▸ Exercise brief
The expected output is a copy of every line in the records with the string "amount".

▸ Extracted material
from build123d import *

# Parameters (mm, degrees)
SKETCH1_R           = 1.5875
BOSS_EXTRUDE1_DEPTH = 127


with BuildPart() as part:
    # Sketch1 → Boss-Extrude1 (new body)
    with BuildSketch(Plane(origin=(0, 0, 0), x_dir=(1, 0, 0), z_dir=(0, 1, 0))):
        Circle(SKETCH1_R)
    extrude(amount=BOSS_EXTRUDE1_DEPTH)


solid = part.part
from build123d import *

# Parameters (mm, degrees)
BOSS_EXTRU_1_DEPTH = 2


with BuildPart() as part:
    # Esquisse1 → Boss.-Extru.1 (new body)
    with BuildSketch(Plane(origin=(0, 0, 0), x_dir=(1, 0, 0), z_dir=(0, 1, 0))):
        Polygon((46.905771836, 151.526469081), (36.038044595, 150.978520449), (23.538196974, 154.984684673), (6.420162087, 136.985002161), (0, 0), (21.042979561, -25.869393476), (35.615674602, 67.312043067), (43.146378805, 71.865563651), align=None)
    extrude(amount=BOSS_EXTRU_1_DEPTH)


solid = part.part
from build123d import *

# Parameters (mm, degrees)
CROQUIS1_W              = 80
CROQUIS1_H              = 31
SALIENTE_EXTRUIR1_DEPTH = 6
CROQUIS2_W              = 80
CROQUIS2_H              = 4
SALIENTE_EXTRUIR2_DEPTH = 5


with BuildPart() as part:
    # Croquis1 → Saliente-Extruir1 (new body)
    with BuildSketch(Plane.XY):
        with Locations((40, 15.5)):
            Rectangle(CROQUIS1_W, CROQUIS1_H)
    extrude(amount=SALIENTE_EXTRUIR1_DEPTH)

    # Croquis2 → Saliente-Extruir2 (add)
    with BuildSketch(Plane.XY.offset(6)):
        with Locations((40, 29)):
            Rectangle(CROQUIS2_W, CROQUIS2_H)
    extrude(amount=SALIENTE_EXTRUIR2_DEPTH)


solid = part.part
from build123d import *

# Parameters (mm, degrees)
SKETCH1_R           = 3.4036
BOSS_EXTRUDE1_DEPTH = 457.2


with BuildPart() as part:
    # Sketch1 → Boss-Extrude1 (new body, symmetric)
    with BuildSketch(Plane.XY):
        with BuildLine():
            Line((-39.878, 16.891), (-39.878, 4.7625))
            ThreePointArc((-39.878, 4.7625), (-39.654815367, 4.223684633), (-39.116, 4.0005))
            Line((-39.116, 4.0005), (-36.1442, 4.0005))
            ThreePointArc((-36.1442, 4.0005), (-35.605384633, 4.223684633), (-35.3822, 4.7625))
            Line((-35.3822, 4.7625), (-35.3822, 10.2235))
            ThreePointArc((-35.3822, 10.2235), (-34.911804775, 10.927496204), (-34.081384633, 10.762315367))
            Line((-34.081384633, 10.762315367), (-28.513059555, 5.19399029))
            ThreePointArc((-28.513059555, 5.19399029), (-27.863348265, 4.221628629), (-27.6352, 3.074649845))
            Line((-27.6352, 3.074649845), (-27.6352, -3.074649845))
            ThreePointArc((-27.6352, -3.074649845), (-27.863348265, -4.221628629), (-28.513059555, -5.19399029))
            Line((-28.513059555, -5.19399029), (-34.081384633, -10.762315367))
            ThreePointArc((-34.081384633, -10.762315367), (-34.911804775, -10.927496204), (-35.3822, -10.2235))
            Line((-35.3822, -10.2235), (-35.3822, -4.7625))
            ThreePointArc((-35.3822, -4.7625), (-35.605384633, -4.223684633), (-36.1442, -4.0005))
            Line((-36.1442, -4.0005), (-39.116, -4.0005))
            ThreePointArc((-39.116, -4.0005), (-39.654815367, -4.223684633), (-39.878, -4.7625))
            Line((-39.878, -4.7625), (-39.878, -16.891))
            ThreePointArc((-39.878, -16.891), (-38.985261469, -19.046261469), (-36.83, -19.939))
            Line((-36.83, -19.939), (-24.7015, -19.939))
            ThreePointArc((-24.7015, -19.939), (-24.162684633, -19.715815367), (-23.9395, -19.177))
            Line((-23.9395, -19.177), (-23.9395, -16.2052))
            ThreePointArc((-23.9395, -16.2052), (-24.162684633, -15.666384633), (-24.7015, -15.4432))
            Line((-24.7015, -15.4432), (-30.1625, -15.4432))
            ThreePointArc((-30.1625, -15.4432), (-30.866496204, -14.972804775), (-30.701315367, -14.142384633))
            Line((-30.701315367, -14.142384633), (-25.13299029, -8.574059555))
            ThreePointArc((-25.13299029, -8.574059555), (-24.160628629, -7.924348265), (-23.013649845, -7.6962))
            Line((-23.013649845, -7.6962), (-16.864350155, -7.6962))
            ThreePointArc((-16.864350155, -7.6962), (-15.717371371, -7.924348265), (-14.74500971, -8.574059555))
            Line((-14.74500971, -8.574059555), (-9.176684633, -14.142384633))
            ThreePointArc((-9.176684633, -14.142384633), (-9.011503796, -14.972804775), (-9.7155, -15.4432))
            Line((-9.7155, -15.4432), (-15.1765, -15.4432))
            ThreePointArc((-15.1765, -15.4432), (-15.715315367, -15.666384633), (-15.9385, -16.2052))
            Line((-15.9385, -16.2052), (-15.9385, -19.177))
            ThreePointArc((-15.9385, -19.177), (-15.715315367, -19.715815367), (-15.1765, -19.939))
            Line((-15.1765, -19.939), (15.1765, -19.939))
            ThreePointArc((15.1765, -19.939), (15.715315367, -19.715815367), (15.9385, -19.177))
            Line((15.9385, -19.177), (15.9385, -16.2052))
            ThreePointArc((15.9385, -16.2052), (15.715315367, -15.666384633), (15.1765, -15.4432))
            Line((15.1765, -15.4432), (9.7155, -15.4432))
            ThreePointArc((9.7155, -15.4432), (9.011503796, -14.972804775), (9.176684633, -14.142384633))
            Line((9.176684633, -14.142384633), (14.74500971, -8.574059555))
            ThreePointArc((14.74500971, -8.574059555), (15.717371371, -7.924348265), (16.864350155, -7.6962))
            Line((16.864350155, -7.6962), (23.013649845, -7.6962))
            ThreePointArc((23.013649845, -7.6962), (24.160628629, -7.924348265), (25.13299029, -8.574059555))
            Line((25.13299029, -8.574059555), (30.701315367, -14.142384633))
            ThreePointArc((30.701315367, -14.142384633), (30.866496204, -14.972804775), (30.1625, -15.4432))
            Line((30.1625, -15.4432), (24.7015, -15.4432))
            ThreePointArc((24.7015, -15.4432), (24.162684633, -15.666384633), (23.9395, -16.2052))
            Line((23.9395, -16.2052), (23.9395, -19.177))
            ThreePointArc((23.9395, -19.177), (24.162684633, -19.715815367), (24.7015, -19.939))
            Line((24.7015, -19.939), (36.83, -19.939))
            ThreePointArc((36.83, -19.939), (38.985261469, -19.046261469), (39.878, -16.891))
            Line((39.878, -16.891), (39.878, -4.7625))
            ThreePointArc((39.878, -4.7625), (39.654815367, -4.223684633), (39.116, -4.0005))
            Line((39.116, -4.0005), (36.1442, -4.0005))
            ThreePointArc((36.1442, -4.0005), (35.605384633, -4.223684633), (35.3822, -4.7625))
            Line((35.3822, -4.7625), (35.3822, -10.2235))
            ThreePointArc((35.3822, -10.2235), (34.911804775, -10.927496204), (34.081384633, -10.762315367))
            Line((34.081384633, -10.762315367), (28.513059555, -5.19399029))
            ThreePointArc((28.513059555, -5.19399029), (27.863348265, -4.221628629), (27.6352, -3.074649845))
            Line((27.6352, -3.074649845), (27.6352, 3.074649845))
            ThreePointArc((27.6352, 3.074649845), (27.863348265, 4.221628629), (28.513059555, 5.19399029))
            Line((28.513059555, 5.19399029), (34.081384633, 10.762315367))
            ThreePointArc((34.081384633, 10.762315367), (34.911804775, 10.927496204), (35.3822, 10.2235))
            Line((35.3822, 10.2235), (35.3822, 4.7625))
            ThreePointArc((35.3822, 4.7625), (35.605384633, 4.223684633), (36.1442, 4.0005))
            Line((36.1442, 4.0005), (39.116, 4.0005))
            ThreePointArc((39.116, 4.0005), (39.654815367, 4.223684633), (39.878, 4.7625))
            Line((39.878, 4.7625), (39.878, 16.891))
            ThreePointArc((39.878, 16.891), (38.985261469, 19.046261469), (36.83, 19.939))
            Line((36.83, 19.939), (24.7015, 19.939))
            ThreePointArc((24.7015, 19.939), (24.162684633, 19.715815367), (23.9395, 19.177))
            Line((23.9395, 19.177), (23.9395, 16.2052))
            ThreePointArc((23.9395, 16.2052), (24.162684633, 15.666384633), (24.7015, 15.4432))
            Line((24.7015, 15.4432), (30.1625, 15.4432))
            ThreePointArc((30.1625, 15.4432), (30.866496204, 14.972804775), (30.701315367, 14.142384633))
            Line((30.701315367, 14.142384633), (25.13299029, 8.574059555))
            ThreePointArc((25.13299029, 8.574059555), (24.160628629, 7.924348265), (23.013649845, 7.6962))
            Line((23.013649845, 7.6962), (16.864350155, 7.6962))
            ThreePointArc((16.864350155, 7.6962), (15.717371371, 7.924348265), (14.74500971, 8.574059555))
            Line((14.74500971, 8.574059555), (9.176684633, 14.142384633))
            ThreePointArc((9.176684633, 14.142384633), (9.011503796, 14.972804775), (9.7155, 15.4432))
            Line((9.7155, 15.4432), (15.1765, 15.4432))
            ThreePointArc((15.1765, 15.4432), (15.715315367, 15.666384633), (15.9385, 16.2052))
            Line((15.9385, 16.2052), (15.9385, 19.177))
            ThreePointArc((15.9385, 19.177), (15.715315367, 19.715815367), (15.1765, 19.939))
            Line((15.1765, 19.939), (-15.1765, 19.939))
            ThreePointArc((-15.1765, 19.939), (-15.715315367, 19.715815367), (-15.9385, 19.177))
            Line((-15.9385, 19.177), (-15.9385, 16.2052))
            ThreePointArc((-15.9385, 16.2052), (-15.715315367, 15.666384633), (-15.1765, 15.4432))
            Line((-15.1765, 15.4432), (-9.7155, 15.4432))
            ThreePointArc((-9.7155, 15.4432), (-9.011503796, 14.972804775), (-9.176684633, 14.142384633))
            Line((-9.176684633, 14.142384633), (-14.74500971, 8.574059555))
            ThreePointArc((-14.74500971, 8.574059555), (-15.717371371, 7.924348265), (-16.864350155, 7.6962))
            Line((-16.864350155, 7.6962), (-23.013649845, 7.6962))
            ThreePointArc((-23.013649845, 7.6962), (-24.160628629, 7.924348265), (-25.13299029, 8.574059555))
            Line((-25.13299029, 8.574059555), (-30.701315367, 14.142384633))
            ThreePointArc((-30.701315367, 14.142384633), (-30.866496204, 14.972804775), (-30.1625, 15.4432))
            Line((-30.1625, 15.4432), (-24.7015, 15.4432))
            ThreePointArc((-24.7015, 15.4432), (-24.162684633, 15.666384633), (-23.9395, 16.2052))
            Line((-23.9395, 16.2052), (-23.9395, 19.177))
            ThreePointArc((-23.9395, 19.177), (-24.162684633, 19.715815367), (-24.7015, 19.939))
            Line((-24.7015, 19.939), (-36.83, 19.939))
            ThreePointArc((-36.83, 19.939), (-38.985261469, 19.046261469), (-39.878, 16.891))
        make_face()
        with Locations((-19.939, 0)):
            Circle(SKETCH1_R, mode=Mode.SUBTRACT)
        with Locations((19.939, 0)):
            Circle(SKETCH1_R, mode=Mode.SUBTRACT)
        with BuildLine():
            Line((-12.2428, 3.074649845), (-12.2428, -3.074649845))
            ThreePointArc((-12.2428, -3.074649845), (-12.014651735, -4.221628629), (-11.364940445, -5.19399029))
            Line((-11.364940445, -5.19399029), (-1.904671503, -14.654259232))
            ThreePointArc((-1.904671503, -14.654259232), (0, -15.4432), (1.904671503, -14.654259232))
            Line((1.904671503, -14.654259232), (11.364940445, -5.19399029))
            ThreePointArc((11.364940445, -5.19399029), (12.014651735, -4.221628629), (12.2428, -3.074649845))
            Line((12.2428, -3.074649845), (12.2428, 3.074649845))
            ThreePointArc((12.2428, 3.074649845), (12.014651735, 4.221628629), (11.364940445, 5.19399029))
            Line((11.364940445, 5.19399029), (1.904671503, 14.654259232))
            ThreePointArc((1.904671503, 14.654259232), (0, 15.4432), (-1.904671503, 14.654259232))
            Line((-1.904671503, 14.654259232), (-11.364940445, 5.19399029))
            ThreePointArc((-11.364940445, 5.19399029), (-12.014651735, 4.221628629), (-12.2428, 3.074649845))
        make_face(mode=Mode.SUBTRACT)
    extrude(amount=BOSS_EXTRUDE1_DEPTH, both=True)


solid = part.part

▸ Answer section
    extrude(amount=BOSS_EXTRUDE1_DEPTH)
    extrude(amount=BOSS_EXTRU_1_DEPTH)
    extrude(amount=SALIENTE_EXTRUIR1_DEPTH)
    extrude(amount=SALIENTE_EXTRUIR2_DEPTH)
    extrude(amount=BOSS_EXTRUDE1_DEPTH, both=True)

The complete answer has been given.